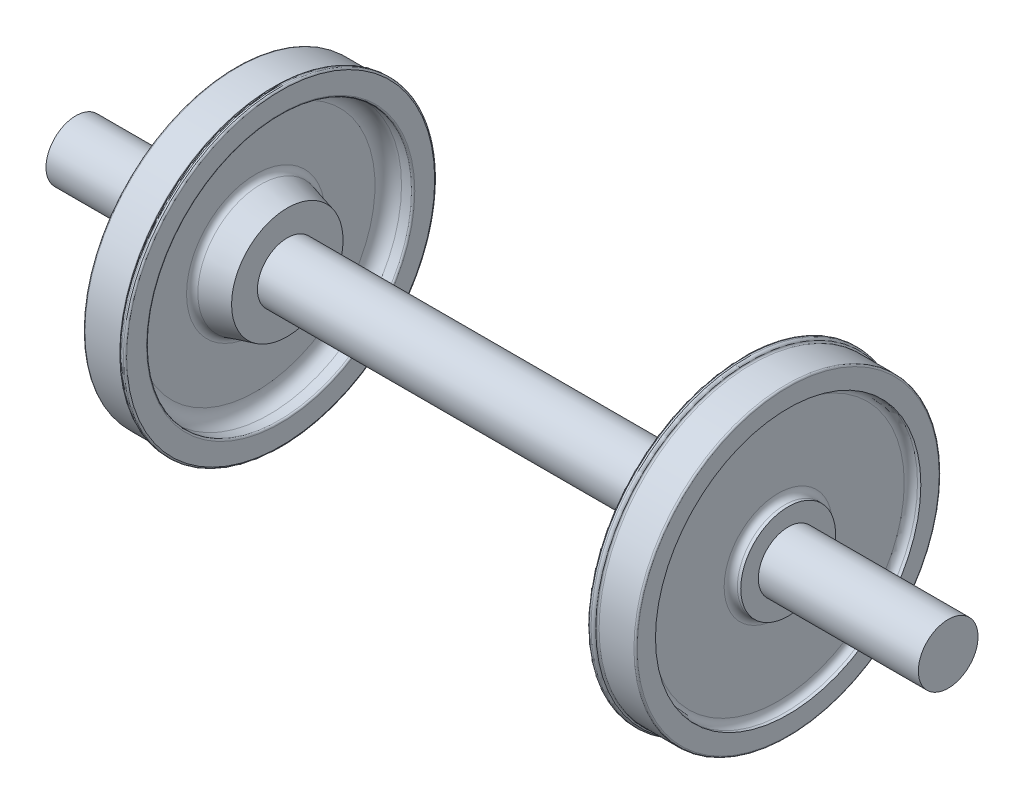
ISO-10303-21;
HEADER;
FILE_DESCRIPTION(('STEP AP214'),'2;1');
FILE_NAME('part.step','',(''),(''),'','','');
FILE_SCHEMA(('AUTOMOTIVE_DESIGN { 1 0 10303 214 1 1 1 1 }'));
ENDSEC;
DATA;
#1=APPLICATION_CONTEXT('core data for automotive mechanical design processes');
#2=APPLICATION_PROTOCOL_DEFINITION('international standard','automotive_design',2000,#1);
#3=PRODUCT_CONTEXT('',#1,'mechanical');
#4=PRODUCT('Part','Part','',(#3));
#5=PRODUCT_RELATED_PRODUCT_CATEGORY('part','',(#4));
#6=PRODUCT_DEFINITION_FORMATION('','',#4);
#7=PRODUCT_DEFINITION_CONTEXT('part definition',#1,'design');
#8=PRODUCT_DEFINITION('design','',#6,#7);
#9=PRODUCT_DEFINITION_SHAPE('','',#8);
#10=(LENGTH_UNIT() NAMED_UNIT(*) SI_UNIT(.MILLI.,.METRE.));
#11=(NAMED_UNIT(*) PLANE_ANGLE_UNIT() SI_UNIT($,.RADIAN.));
#12=(NAMED_UNIT(*) SI_UNIT($,.STERADIAN.) SOLID_ANGLE_UNIT());
#13=UNCERTAINTY_MEASURE_WITH_UNIT(LENGTH_MEASURE(1.E-05),#10,'distance_accuracy_value','');
#14=(GEOMETRIC_REPRESENTATION_CONTEXT(3) GLOBAL_UNCERTAINTY_ASSIGNED_CONTEXT((#13)) GLOBAL_UNIT_ASSIGNED_CONTEXT((#10,
#11,#12)) REPRESENTATION_CONTEXT('',''));
#15=CARTESIAN_POINT('',(0.,0.,0.));
#16=DIRECTION('',(0.,0.,1.));
#17=DIRECTION('',(1.,0.,0.));
#18=AXIS2_PLACEMENT_3D('',#15,#16,#17);
#19=CARTESIAN_POINT('',(822.5,0.,0.));
#20=DIRECTION('',(-1.,0.,0.));
#21=DIRECTION('',(0.,0.,1.));
#22=AXIS2_PLACEMENT_3D('',#19,#20,#21);
#23=TOROIDAL_SURFACE('',#22,380.,20.);
#24=CARTESIAN_POINT('',(822.5,0.,0.));
#25=DIRECTION('',(-1.,0.,0.));
#26=DIRECTION('',(0.,0.,1.));
#27=AXIS2_PLACEMENT_3D('',#24,#25,#26);
#28=CIRCLE('',#27,400.);
#29=CARTESIAN_POINT('',(822.5,0.,400.));
#30=VERTEX_POINT('',#29);
#31=EDGE_CURVE('E181',#30,#30,#28,.T.);
#32=ORIENTED_EDGE('',*,*,#31,.F.);
#33=EDGE_LOOP('',(#32));
#34=FACE_BOUND('',#33,.T.);
#35=CARTESIAN_POINT('',(802.5,0.,0.));
#36=DIRECTION('',(-1.,0.,0.));
#37=DIRECTION('',(0.,0.,1.));
#38=AXIS2_PLACEMENT_3D('',#35,#36,#37);
#39=CIRCLE('',#38,380.);
#40=CARTESIAN_POINT('',(802.5,0.,380.));
#41=VERTEX_POINT('',#40);
#42=EDGE_CURVE('E10',#41,#41,#39,.T.);
#43=ORIENTED_EDGE('',*,*,#42,.T.);
#44=EDGE_LOOP('',(#43));
#45=FACE_BOUND('',#44,.T.);
#46=ADVANCED_FACE('F33',(#34,#45),#23,.F.);
#47=CARTESIAN_POINT('',(802.5,380.,0.));
#48=DIRECTION('',(-1.,0.,0.));
#49=DIRECTION('',(0.,0.,1.));
#50=AXIS2_PLACEMENT_3D('',#47,#48,#49);
#51=PLANE('',#50);
#52=ORIENTED_EDGE('',*,*,#42,.F.);
#53=EDGE_LOOP('',(#52));
#54=FACE_BOUND('',#53,.T.);
#55=CARTESIAN_POINT('',(802.500000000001,0.,0.));
#56=DIRECTION('',(-1.,0.,0.));
#57=DIRECTION('',(0.,0.,1.));
#58=AXIS2_PLACEMENT_3D('',#55,#56,#57);
#59=CIRCLE('',#58,163.);
#60=CARTESIAN_POINT('',(802.500000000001,0.,163.));
#61=VERTEX_POINT('',#60);
#62=EDGE_CURVE('E39',#61,#61,#59,.T.);
#63=ORIENTED_EDGE('',*,*,#62,.T.);
#64=EDGE_LOOP('',(#63));
#65=FACE_BOUND('',#64,.T.);
#66=ADVANCED_FACE('F188',(#54,#65),#51,.F.);
#67=CARTESIAN_POINT('',(822.500000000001,0.,0.));
#68=DIRECTION('',(-1.,0.,0.));
#69=DIRECTION('',(0.,0.,1.));
#70=AXIS2_PLACEMENT_3D('',#67,#68,#69);
#71=TOROIDAL_SURFACE('',#70,163.,20.0000000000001);
#72=ORIENTED_EDGE('',*,*,#62,.F.);
#73=EDGE_LOOP('',(#72));
#74=FACE_BOUND('',#73,.T.);
#75=CARTESIAN_POINT('',(822.500000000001,0.,0.));
#76=DIRECTION('',(-1.,0.,0.));
#77=DIRECTION('',(0.,0.,1.));
#78=AXIS2_PLACEMENT_3D('',#75,#76,#77);
#79=CIRCLE('',#78,143.);
#80=CARTESIAN_POINT('',(822.500000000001,0.,143.));
#81=VERTEX_POINT('',#80);
#82=EDGE_CURVE('E43',#81,#81,#79,.T.);
#83=ORIENTED_EDGE('',*,*,#82,.T.);
#84=EDGE_LOOP('',(#83));
#85=FACE_BOUND('',#84,.T.);
#86=ADVANCED_FACE('F192',(#74,#85),#71,.F.);
#87=CARTESIAN_POINT('',(0.,0.,0.));
#88=DIRECTION('',(-1.,0.,0.));
#89=DIRECTION('',(0.,0.,1.));
#90=AXIS2_PLACEMENT_3D('',#87,#88,#89);
#91=CYLINDRICAL_SURFACE('',#90,143.);
#92=ORIENTED_EDGE('',*,*,#82,.F.);
#93=EDGE_LOOP('',(#92));
#94=FACE_BOUND('',#93,.T.);
#95=CARTESIAN_POINT('',(832.500000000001,0.,0.));
#96=DIRECTION('',(-1.,0.,0.));
#97=DIRECTION('',(0.,0.,1.));
#98=AXIS2_PLACEMENT_3D('',#95,#96,#97);
#99=CIRCLE('',#98,143.);
#100=CARTESIAN_POINT('',(832.500000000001,0.,143.));
#101=VERTEX_POINT('',#100);
#102=EDGE_CURVE('E47',#101,#101,#99,.T.);
#103=ORIENTED_EDGE('',*,*,#102,.T.);
#104=EDGE_LOOP('',(#103));
#105=FACE_BOUND('',#104,.T.);
#106=ADVANCED_FACE('F197',(#94,#105),#91,.T.);
#107=CARTESIAN_POINT('',(832.5,143.,0.));
#108=DIRECTION('',(-1.,0.,0.));
#109=DIRECTION('',(0.,0.,1.));
#110=AXIS2_PLACEMENT_3D('',#107,#108,#109);
#111=PLANE('',#110);
#112=ORIENTED_EDGE('',*,*,#102,.F.);
#113=EDGE_LOOP('',(#112));
#114=FACE_BOUND('',#113,.T.);
#115=CARTESIAN_POINT('',(832.5,0.,0.));
#116=DIRECTION('',(-1.,0.,0.));
#117=DIRECTION('',(0.,0.,1.));
#118=AXIS2_PLACEMENT_3D('',#115,#116,#117);
#119=CIRCLE('',#118,90.);
#120=CARTESIAN_POINT('',(832.5,0.,90.));
#121=VERTEX_POINT('',#120);
#122=EDGE_CURVE('E52',#121,#121,#119,.T.);
#123=ORIENTED_EDGE('',*,*,#122,.T.);
#124=EDGE_LOOP('',(#123));
#125=FACE_BOUND('',#124,.T.);
#126=ADVANCED_FACE('F203',(#114,#125),#111,.F.);
#127=CARTESIAN_POINT('',(0.,0.,0.));
#128=DIRECTION('',(-1.,0.,0.));
#129=DIRECTION('',(0.,0.,1.));
#130=AXIS2_PLACEMENT_3D('',#127,#128,#129);
#131=CYLINDRICAL_SURFACE('',#130,90.);
#132=ORIENTED_EDGE('',*,*,#122,.F.);
#133=EDGE_LOOP('',(#132));
#134=FACE_BOUND('',#133,.T.);
#135=CARTESIAN_POINT('',(1315.,0.,0.));
#136=DIRECTION('',(-1.,0.,0.));
#137=DIRECTION('',(0.,0.,1.));
#138=AXIS2_PLACEMENT_3D('',#135,#136,#137);
#139=CIRCLE('',#138,90.);
#140=CARTESIAN_POINT('',(1315.,0.,90.));
#141=VERTEX_POINT('',#140);
#142=EDGE_CURVE('E55',#141,#141,#139,.T.);
#143=ORIENTED_EDGE('',*,*,#142,.T.);
#144=EDGE_LOOP('',(#143));
#145=FACE_BOUND('',#144,.T.);
#146=ADVANCED_FACE('F207',(#134,#145),#131,.T.);
#147=CARTESIAN_POINT('',(1315.,90.,0.));
#148=DIRECTION('',(-1.,0.,0.));
#149=DIRECTION('',(0.,0.,1.));
#150=AXIS2_PLACEMENT_3D('',#147,#148,#149);
#151=PLANE('',#150);
#152=ORIENTED_EDGE('',*,*,#142,.F.);
#153=EDGE_LOOP('',(#152));
#154=FACE_BOUND('',#153,.T.);
#155=ADVANCED_FACE('F211',(#154),#151,.F.);
#156=CARTESIAN_POINT('',(-1315.,89.9999999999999,0.));
#157=DIRECTION('',(1.,0.,0.));
#158=DIRECTION('',(0.,0.,-1.));
#159=AXIS2_PLACEMENT_3D('',#156,#157,#158);
#160=PLANE('',#159);
#161=CARTESIAN_POINT('',(-1315.,0.,0.));
#162=DIRECTION('',(-1.,0.,0.));
#163=DIRECTION('',(0.,0.,1.));
#164=AXIS2_PLACEMENT_3D('',#161,#162,#163);
#165=CIRCLE('',#164,89.9999999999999);
#166=CARTESIAN_POINT('',(-1315.,0.,89.9999999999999));
#167=VERTEX_POINT('',#166);
#168=EDGE_CURVE('E58',#167,#167,#165,.T.);
#169=ORIENTED_EDGE('',*,*,#168,.T.);
#170=EDGE_LOOP('',(#169));
#171=FACE_BOUND('',#170,.T.);
#172=ADVANCED_FACE('F215',(#171),#160,.F.);
#173=CARTESIAN_POINT('',(0.,0.,0.));
#174=DIRECTION('',(-1.,0.,0.));
#175=DIRECTION('',(0.,0.,1.));
#176=AXIS2_PLACEMENT_3D('',#173,#174,#175);
#177=CYLINDRICAL_SURFACE('',#176,89.9999999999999);
#178=ORIENTED_EDGE('',*,*,#168,.F.);
#179=EDGE_LOOP('',(#178));
#180=FACE_BOUND('',#179,.T.);
#181=CARTESIAN_POINT('',(-832.5,0.,0.));
#182=DIRECTION('',(-1.,0.,0.));
#183=DIRECTION('',(0.,0.,1.));
#184=AXIS2_PLACEMENT_3D('',#181,#182,#183);
#185=CIRCLE('',#184,89.9999999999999);
#186=CARTESIAN_POINT('',(-832.5,0.,89.9999999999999));
#187=VERTEX_POINT('',#186);
#188=EDGE_CURVE('E61',#187,#187,#185,.T.);
#189=ORIENTED_EDGE('',*,*,#188,.T.);
#190=EDGE_LOOP('',(#189));
#191=FACE_BOUND('',#190,.T.);
#192=ADVANCED_FACE('F219',(#180,#191),#177,.T.);
#193=CARTESIAN_POINT('',(-832.5,143.,0.));
#194=DIRECTION('',(1.,0.,0.));
#195=DIRECTION('',(0.,0.,-1.));
#196=AXIS2_PLACEMENT_3D('',#193,#194,#195);
#197=PLANE('',#196);
#198=ORIENTED_EDGE('',*,*,#188,.F.);
#199=EDGE_LOOP('',(#198));
#200=FACE_BOUND('',#199,.T.);
#201=CARTESIAN_POINT('',(-832.500000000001,0.,0.));
#202=DIRECTION('',(-1.,0.,0.));
#203=DIRECTION('',(0.,0.,1.));
#204=AXIS2_PLACEMENT_3D('',#201,#202,#203);
#205=CIRCLE('',#204,143.);
#206=CARTESIAN_POINT('',(-832.500000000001,0.,143.));
#207=VERTEX_POINT('',#206);
#208=EDGE_CURVE('E64',#207,#207,#205,.T.);
#209=ORIENTED_EDGE('',*,*,#208,.T.);
#210=EDGE_LOOP('',(#209));
#211=FACE_BOUND('',#210,.T.);
#212=ADVANCED_FACE('F223',(#200,#211),#197,.F.);
#213=CARTESIAN_POINT('',(0.,0.,0.));
#214=DIRECTION('',(-1.,0.,0.));
#215=DIRECTION('',(0.,0.,1.));
#216=AXIS2_PLACEMENT_3D('',#213,#214,#215);
#217=CYLINDRICAL_SURFACE('',#216,143.);
#218=ORIENTED_EDGE('',*,*,#208,.F.);
#219=EDGE_LOOP('',(#218));
#220=FACE_BOUND('',#219,.T.);
#221=CARTESIAN_POINT('',(-822.500000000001,0.,0.));
#222=DIRECTION('',(-1.,0.,0.));
#223=DIRECTION('',(0.,0.,1.));
#224=AXIS2_PLACEMENT_3D('',#221,#222,#223);
#225=CIRCLE('',#224,143.);
#226=CARTESIAN_POINT('',(-822.500000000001,0.,143.));
#227=VERTEX_POINT('',#226);
#228=EDGE_CURVE('E67',#227,#227,#225,.T.);
#229=ORIENTED_EDGE('',*,*,#228,.T.);
#230=EDGE_LOOP('',(#229));
#231=FACE_BOUND('',#230,.T.);
#232=ADVANCED_FACE('F227',(#220,#231),#217,.T.);
#233=CARTESIAN_POINT('',(-822.500000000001,0.,0.));
#234=DIRECTION('',(-1.,0.,0.));
#235=DIRECTION('',(0.,0.,1.));
#236=AXIS2_PLACEMENT_3D('',#233,#234,#235);
#237=TOROIDAL_SURFACE('',#236,163.,20.0000000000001);
#238=ORIENTED_EDGE('',*,*,#228,.F.);
#239=EDGE_LOOP('',(#238));
#240=FACE_BOUND('',#239,.T.);
#241=CARTESIAN_POINT('',(-802.500000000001,0.,0.));
#242=DIRECTION('',(-1.,0.,0.));
#243=DIRECTION('',(0.,0.,1.));
#244=AXIS2_PLACEMENT_3D('',#241,#242,#243);
#245=CIRCLE('',#244,163.);
#246=CARTESIAN_POINT('',(-802.500000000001,0.,163.));
#247=VERTEX_POINT('',#246);
#248=EDGE_CURVE('E70',#247,#247,#245,.T.);
#249=ORIENTED_EDGE('',*,*,#248,.T.);
#250=EDGE_LOOP('',(#249));
#251=FACE_BOUND('',#250,.T.);
#252=ADVANCED_FACE('F231',(#240,#251),#237,.F.);
#253=CARTESIAN_POINT('',(-802.5,380.,0.));
#254=DIRECTION('',(1.,0.,0.));
#255=DIRECTION('',(0.,0.,-1.));
#256=AXIS2_PLACEMENT_3D('',#253,#254,#255);
#257=PLANE('',#256);
#258=ORIENTED_EDGE('',*,*,#248,.F.);
#259=EDGE_LOOP('',(#258));
#260=FACE_BOUND('',#259,.T.);
#261=CARTESIAN_POINT('',(-802.5,0.,0.));
#262=DIRECTION('',(-1.,0.,0.));
#263=DIRECTION('',(0.,0.,1.));
#264=AXIS2_PLACEMENT_3D('',#261,#262,#263);
#265=CIRCLE('',#264,380.);
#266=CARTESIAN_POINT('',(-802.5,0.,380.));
——
ASSIGNMENT: Give back exactly the lines above starting at the line where "#200=FACE_BOUND('',#199,.T.);" appears and ending at the line where "#260=FACE_BOUND('',#259,.T.);" appears, both included, with no other lines.

OUTPUT FOR THIS TASK:
#200=FACE_BOUND('',#199,.T.);
#201=CARTESIAN_POINT('',(-832.500000000001,0.,0.));
#202=DIRECTION('',(-1.,0.,0.));
#203=DIRECTION('',(0.,0.,1.));
#204=AXIS2_PLACEMENT_3D('',#201,#202,#203);
#205=CIRCLE('',#204,143.);
#206=CARTESIAN_POINT('',(-832.500000000001,0.,143.));
#207=VERTEX_POINT('',#206);
#208=EDGE_CURVE('E64',#207,#207,#205,.T.);
#209=ORIENTED_EDGE('',*,*,#208,.T.);
#210=EDGE_LOOP('',(#209));
#211=FACE_BOUND('',#210,.T.);
#212=ADVANCED_FACE('F223',(#200,#211),#197,.F.);
#213=CARTESIAN_POINT('',(0.,0.,0.));
#214=DIRECTION('',(-1.,0.,0.));
#215=DIRECTION('',(0.,0.,1.));
#216=AXIS2_PLACEMENT_3D('',#213,#214,#215);
#217=CYLINDRICAL_SURFACE('',#216,143.);
#218=ORIENTED_EDGE('',*,*,#208,.F.);
#219=EDGE_LOOP('',(#218));
#220=FACE_BOUND('',#219,.T.);
#221=CARTESIAN_POINT('',(-822.500000000001,0.,0.));
#222=DIRECTION('',(-1.,0.,0.));
#223=DIRECTION('',(0.,0.,1.));
#224=AXIS2_PLACEMENT_3D('',#221,#222,#223);
#225=CIRCLE('',#224,143.);
#226=CARTESIAN_POINT('',(-822.500000000001,0.,143.));
#227=VERTEX_POINT('',#226);
#228=EDGE_CURVE('E67',#227,#227,#225,.T.);
#229=ORIENTED_EDGE('',*,*,#228,.T.);
#230=EDGE_LOOP('',(#229));
#231=FACE_BOUND('',#230,.T.);
#232=ADVANCED_FACE('F227',(#220,#231),#217,.T.);
#233=CARTESIAN_POINT('',(-822.500000000001,0.,0.));
#234=DIRECTION('',(-1.,0.,0.));
#235=DIRECTION('',(0.,0.,1.));
#236=AXIS2_PLACEMENT_3D('',#233,#234,#235);
#237=TOROIDAL_SURFACE('',#236,163.,20.0000000000001);
#238=ORIENTED_EDGE('',*,*,#228,.F.);
#239=EDGE_LOOP('',(#238));
#240=FACE_BOUND('',#239,.T.);
#241=CARTESIAN_POINT('',(-802.500000000001,0.,0.));
#242=DIRECTION('',(-1.,0.,0.));
#243=DIRECTION('',(0.,0.,1.));
#244=AXIS2_PLACEMENT_3D('',#241,#242,#243);
#245=CIRCLE('',#244,163.);
#246=CARTESIAN_POINT('',(-802.500000000001,0.,163.));
#247=VERTEX_POINT('',#246);
#248=EDGE_CURVE('E70',#247,#247,#245,.T.);
#249=ORIENTED_EDGE('',*,*,#248,.T.);
#250=EDGE_LOOP('',(#249));
#251=FACE_BOUND('',#250,.T.);
#252=ADVANCED_FACE('F231',(#240,#251),#237,.F.);
#253=CARTESIAN_POINT('',(-802.5,380.,0.));
#254=DIRECTION('',(1.,0.,0.));
#255=DIRECTION('',(0.,0.,-1.));
#256=AXIS2_PLACEMENT_3D('',#253,#254,#255);
#257=PLANE('',#256);
#258=ORIENTED_EDGE('',*,*,#248,.F.);
#259=EDGE_LOOP('',(#258));
#260=FACE_BOUND('',#259,.T.);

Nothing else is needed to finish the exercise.